Plot, to see how the wave forms look

# Plot Independent Component #1
plt.figure(figsize=(12,2))
plt.title('Independent Component #1')
plt.plot(result_signal_1, c="#df8efd")
plt.ylim(-0.010, 0.010)
plt.show()

# Plot Independent Component #2
plt.figure(figsize=(12,2))
plt.title('Independent Component #2')
plt.plot(result_signal_2, c="#87de72")
plt.ylim(-0.010, 0.010)
plt.show()

# Plot Independent Component #3
plt.figure(figsize=(12,2))
plt.title('Independent Component #3')
plt.plot(result_signal_3, c="#f65e97")
plt.ylim(-0.010, 0.010)
plt.show()

png

Now, save the files as wave files.
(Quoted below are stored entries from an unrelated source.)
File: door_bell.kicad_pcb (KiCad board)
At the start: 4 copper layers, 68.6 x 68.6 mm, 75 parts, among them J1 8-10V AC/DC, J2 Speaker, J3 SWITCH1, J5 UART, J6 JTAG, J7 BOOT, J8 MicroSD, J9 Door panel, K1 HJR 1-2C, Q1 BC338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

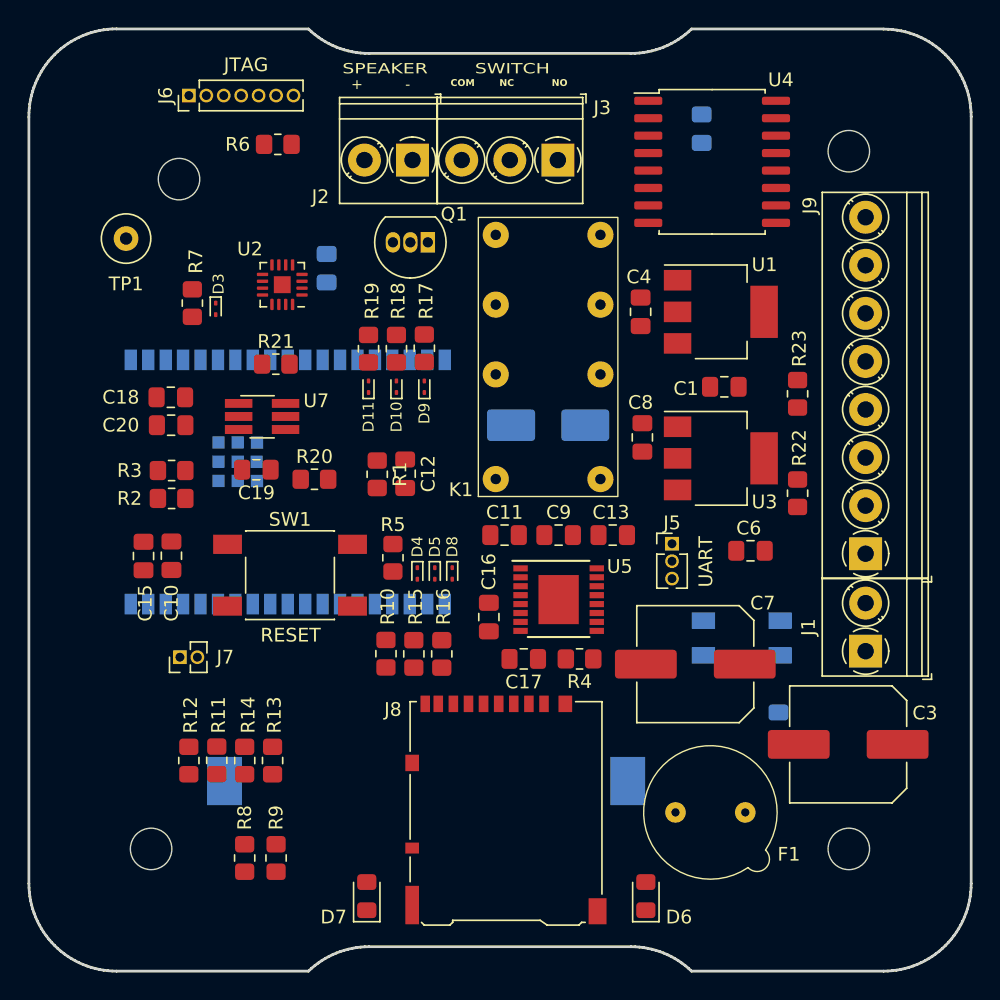
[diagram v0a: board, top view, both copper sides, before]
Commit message: Part placement and silk screen adjustments
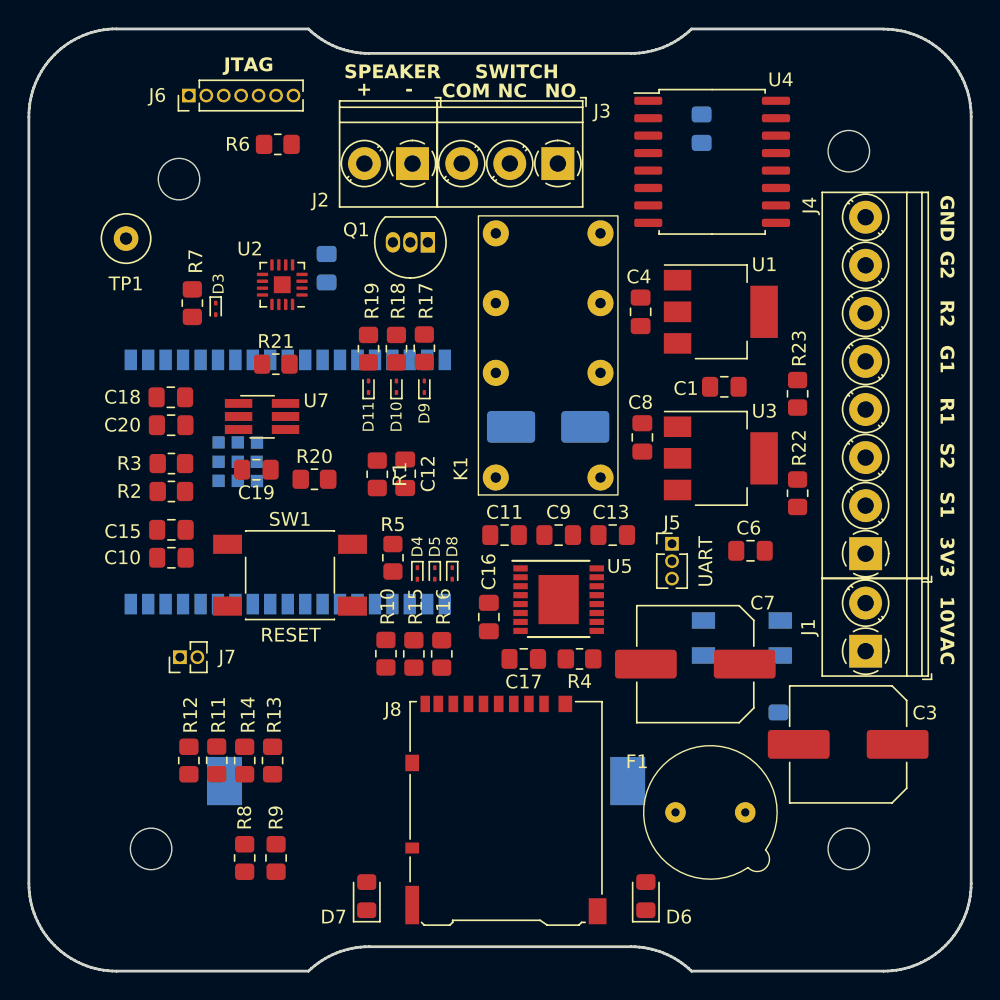
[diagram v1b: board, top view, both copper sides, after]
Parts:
- moved C15 2.79 mm to (115.3, 90.2), turned to 180 degrees
- moved R3 0.51 mm to (115.3, 85.3)
- moved R2 0.51 mm to (115.3, 87.4)
- moved J2 0.25 mm to (132.9, 63.5)
- moved J3 0.25 mm to (143.5, 63.5)
- moved C10 0.15 mm to (115.3, 92.2), turned to 180 degrees
- moved D2 0.13 mm to (142.7, 82.7)
- moved K1 0.11 mm to (146.6, 86.4)
- renumbered J9 to J4
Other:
- board text added: "10VAC"
- board text added: "3V3"
- board text added: "G1"
- board text added: "G2"
- board text added: "GND"
- board text added: "R1"
- board text added: "R2"
- board text added: "S1"
- board text added: "S2"

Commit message: Silk screen adjustments
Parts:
- moved Q1 3.48 mm to (130.6, 69.8), turned to 0 degrees
- moved C12 0.93 mm to (133.1, 86.6)
- moved R17 0.64 mm to (134.4, 77.0)
- moved R19 0.64 mm to (129.0, 77.0)
- moved D9 0.64 mm to (134.4, 79.7)
- moved D11 0.63 mm to (129.0, 79.7)
- moved R1 0.53 mm to (130.3, 86.7)
- moved SW1 0.34 mm to (123.7, 93.2), turned to 0 degrees

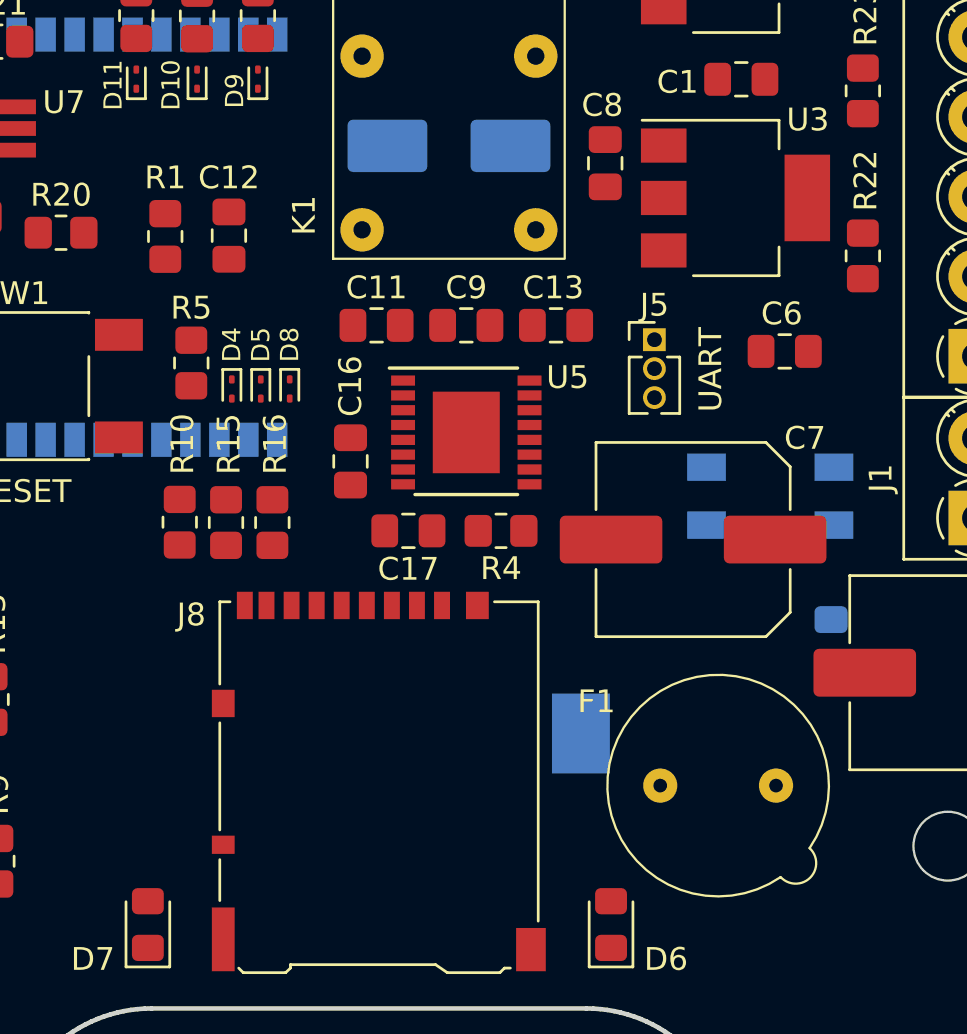
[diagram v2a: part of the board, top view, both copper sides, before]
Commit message: Adapting after placing 3D model of fuse F1
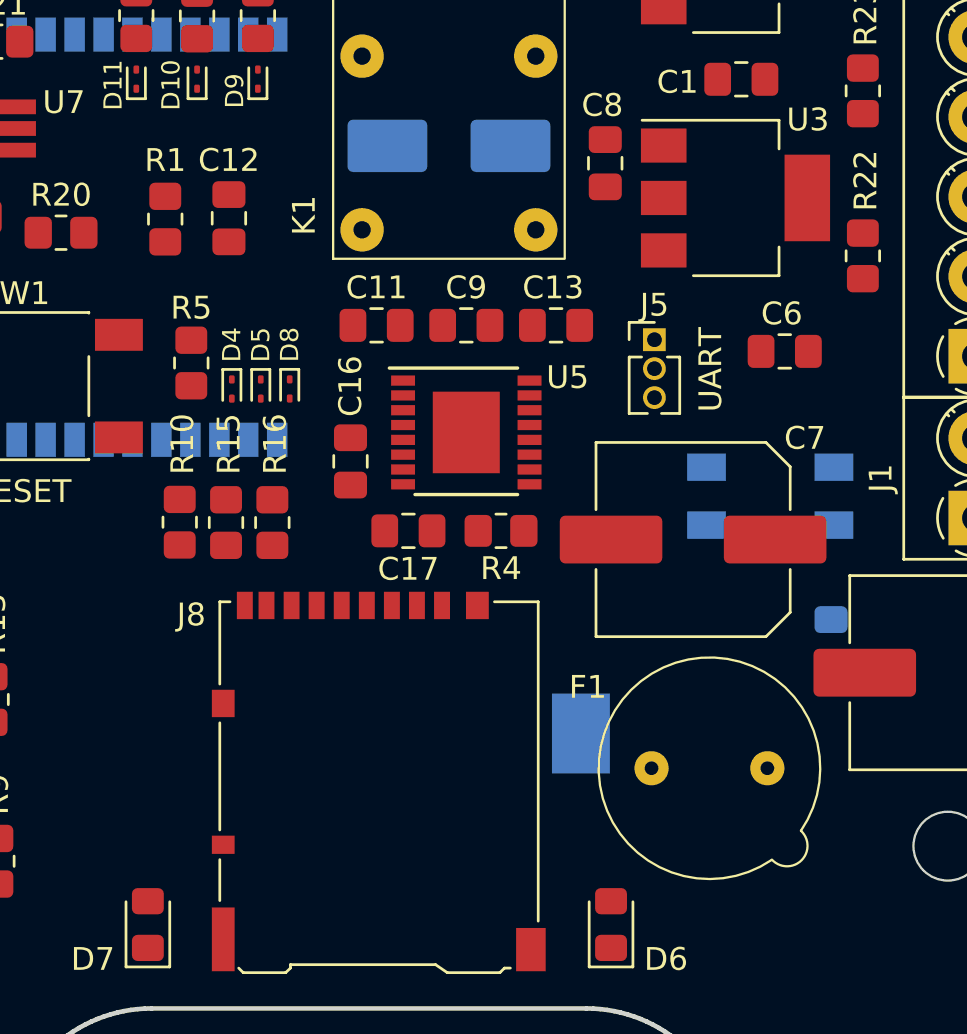
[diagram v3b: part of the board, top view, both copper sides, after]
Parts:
- moved F1 0.85 mm to (151.6, 110.0)
- moved C12 0.76 mm to (133.1, 85.9)
- moved R1 0.76 mm to (130.3, 85.9)
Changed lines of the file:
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@@
     )
   )
+  (footprint "Fuse_espena:FuseHolder_Keystone_3554" (layer "F.Cu")
+    (at 151.638 109.982)
+    (property "Sheetfile" "door_bell.kicad_sch")
+    (property "Sheetname" "")
+    (property "ki_description" "Fuse")
+    (property "ki_keywords" "fuse")
+    (attr through_hole)
+    (fp_text reference "F1" (at -2.794 -3.556 unlocked) (layer "F.SilkS")
+        (effects (font (size 1 1) (thickness 0.1)))
+    )
+    (fp_text value "1A" (at 3.302 9.398 unlocked) (layer "F.Fab") hide
+        (effects (font (size 1 1) (thickness 0.15)))
+    )
+    (fp_arc (start 5.26581 4.025031) (mid -0.889918 -3.44479) (end 6.5532 2.7432)
+      (stroke (width 0.1) (type default)) (layer "F.SilkS"))
+    (fp_arc (start 6.553199 2.743201) (mid 6.578034 4.040178) (end 5.281148 4.010968)
+      (stroke (width 0.1) (type default)) (layer "F.SilkS"))
+    (fp_circle (center 0 0) (end 0.508 0.762)
+      (stroke (width 0.05) (type default)) (fill none) (layer "B.CrtYd"))
+    (fp_circle (center 5.05319 0) (end 5.56119 0.762)
+      (stroke (width 0.05) (type default)) (fill none) (layer "B.CrtYd"))
+    (fp_arc (start 5.334 4.318) (mid -1.096727 -3.636727) (end 6.858 2.794)
+      (stroke (width 0.05) (type default)) (layer "F.CrtYd"))
+    (fp_arc (start 6.858 2.794) (mid 6.720947 4.172878) (end 5.34173 4.306481)
+      (stroke (width 0.05) (type default)) (layer "F.CrtYd"))
+    (pad "1" thru_hole circle (at 0 0) (size 1.5 1.5) (drill 0.6) (layers "*.Cu" "*.Mask")
+      (net 17 "Net-(D1-Pad4)") (pintype "passive"))
+    (pad "2" thru_hole circle (at 5.08 0) (size 1.5 1.5) (drill 0.6) (layers "*.Cu" "*.Mask")
+      (net 28 "Net-(J1-Pin_2)") (pintype "passive"))
+    (model ":KICAD7_3RD_PARTY:3dmodels/Fuse_espena.3dshapes/Fuse_MXT250_With_Socket.step" hide
+      (offset (xyz 0 0 0))
+      (scale (xyz 1 1 1))
+      (rotate (xyz 0 0 0))
+    )
+    (model ":KICAD7_3RD_PARTY:3dmodels/Fuse_espena.3dshapes/Fuse_MXT250.step"
+      (offset (xyz 0 0 0))
+      (scale (xyz 1 1 1))
+      (rotate (xyz 0 0 0))
+    )
+  )
   (footprint "Diode_SMD:D_SOD-923" (layer "F.Cu")
     (at 131.699 79.749 90)
@@
     )
   )
-  (footprint "Fuse_espena:FuseHolder_Keystone_3554" (layer "F.Cu")
-    (at 152.019 110.744)
-    (property "Sheetfile" "door_bell.kicad_sch")
-    (property "Sheetname" "")
-    (property "ki_description" "Fuse")
-    (property "ki_keywords" "fuse")
-    (attr through_hole)
-    (fp_text reference "F1" (at -2.794 -3.683 unlocked) (layer "F.SilkS")
-        (effects (font (size 1 1) (thickness 0.1)))
-    )
-    (fp_text value "1A" (at 3.302 9.398 unlocked) (layer "F.Fab") hide
-        (effects (font (size 1 1) (thickness 0.15)))
-    )
-    (fp_arc (start 5.26581 4.025031) (mid -0.889918 -3.44479) (end 6.5532 2.7432)
-      (stroke (width 0.1) (type default)) (layer "F.SilkS"))
-    (fp_arc (start 6.553199 2.743201) (mid 6.578034 4.040178) (end 5.281148 4.010968)
-      (stroke (width 0.1) (type default)) (layer "F.SilkS"))
-    (fp_circle (center 0 0) (end 0.508 0.762)
-      (stroke (width 0.05) (type default)) (fill none) (layer "B.CrtYd"))
-    (fp_circle (center 5.05319 0) (end 5.56119 0.762)
-      (stroke (width 0.05) (type default)) (fill none) (layer "B.CrtYd"))
-    (fp_arc (start 5.334 4.318) (mid -1.096727 -3.636727) (end 6.858 2.794)
-      (stroke (width 0.05) (type default)) (layer "F.CrtYd"))
-    (fp_arc (start 6.858 2.794) (mid 6.720947 4.172878) (end 5.34173 4.306481)
-      (stroke (width 0.05) (type default)) (layer "F.CrtYd"))
-    (pad "1" thru_hole circle (at 0 0) (size 1.5 1.5) (drill 0.6) (layers "*.Cu" "*.Mask")
-      (net 17 "Net-(D1-Pad4)") (pintype "passive"))
-    (pad "2" thru_hole circle (at 5.08 0) (size 1.5 1.5) (drill 0.6) (layers "*.Cu" "*.Mask")
-      (net 28 "Net-(J1-Pin_2)") (pintype "passive"))
-  )
   (footprint "Package_SO:SOIC-16W_7.5x10.3mm_P1.27mm" (layer "F.Cu")
     (at 154.686 63.373)
@@
   )
   (footprint "Capacitor_SMD:C_0805_2012Metric_Pad1.18x1.45mm_HandSolder" (layer "F.Cu")
-    (at 133.096 86.614 -90)
+    (at 133.096 85.852 -90)
     (descr "Capacitor SMD 0805 (2012 Metric), square (rectangular) end terminal, IPC_7351 nominal with elongated pad for handsoldering. (Body size source: IPC-SM-782 page 76, https://www.pcb-3d.com/wordpress/wp-content/uploads/ipc-sm-782a_amendment_1_and_2.pdf, https://docs.google.com/spreadsheets/d/1BsfQQcO9C6DZCsRaXUlFlo91Tg2WpOkGARC1WS5S8t0/edit?usp=sharing), generated with kicad-footprint-generator")
     (tags "capacitor handsolder")
@@
   )
   (footprint "Resistor_SMD:R_0805_2012Metric_Pad1.20x1.40mm_HandSolder" (layer "F.Cu")
-    (at 130.302 86.6515 -90)
+    (at 130.302 85.8895 -90)
     (descr "Resistor SMD 0805 (2012 Metric), square (rectangular) end terminal, IPC_7351 nominal with elongated pad for handsoldering. (Body size source: IPC-SM-782 page 72, https://www.pcb-3d.com/wordpress/wp-content/uploads/ipc-sm-782a_amendment_1_and_2.pdf), generated with kicad-footprint-generator")
     (tags "resistor handsolder")

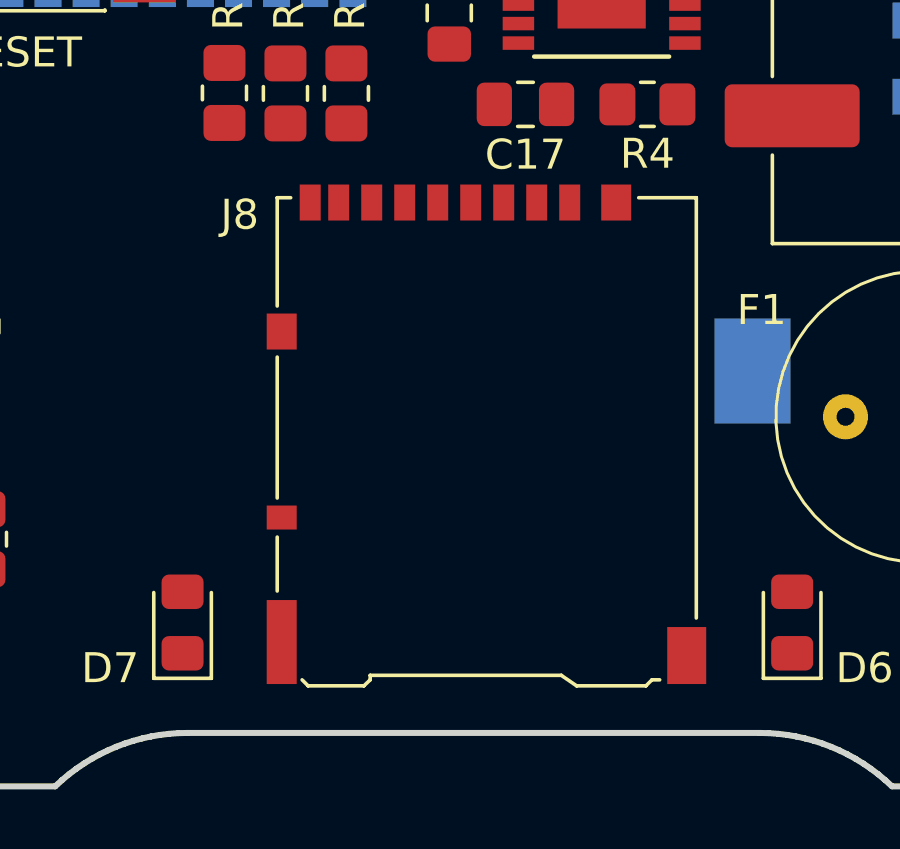
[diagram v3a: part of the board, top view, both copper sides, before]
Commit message: Setting up footprints and 3D models
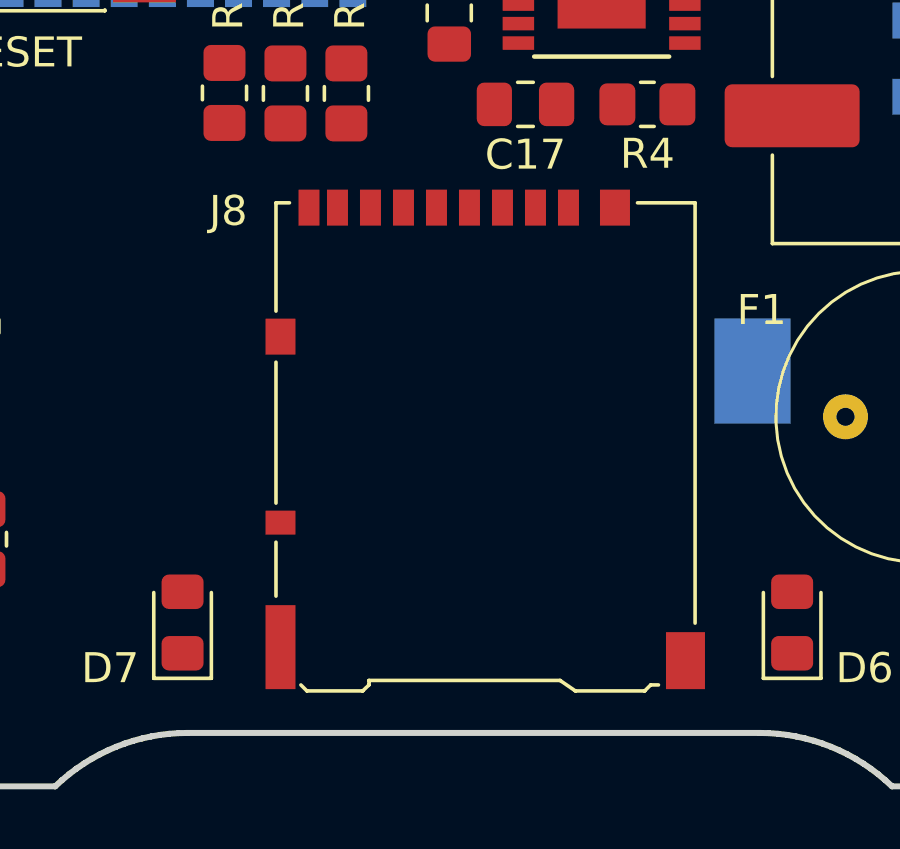
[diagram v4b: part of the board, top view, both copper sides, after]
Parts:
- moved J8 0.17 mm to (139.6, 110.7)

This requires:

convert them to integer (so we can save as PCM 16-bit Wave files), otherwise only some media players would be able to play them and others won’t
Map the values to the appropriate range for int16 audio. That range is between -32768 and +32767. A basic mapping can be done by multiplying by 32767.
The sounds will be a little faint, we can increase the volume by multiplying by a value like 100

from scipy.io import wavfile

# Convert to int, map the appropriate range, and increase the volume a little bit
result_signal_1_int = np.int16(result_signal_1*32767*100)
result_signal_2_int = np.int16(result_signal_2*32767*100)
result_signal_3_int = np.int16(result_signal_3*32767*100)

# Write wave files
wavfile.write("ica-on-sound-files/result_signal_1.wav", fs, result_signal_1_int)
wavfile.write("ica-on-sound-files/result_signal_2.wav", fs, result_signal_2_int)
wavfile.write("ica-on-sound-files/result_signal_3.wav", fs, result_signal_3_int)

This content is taken from notes I took while pursuing the Intro to Machine Learning with Pytorch nanodegree certification.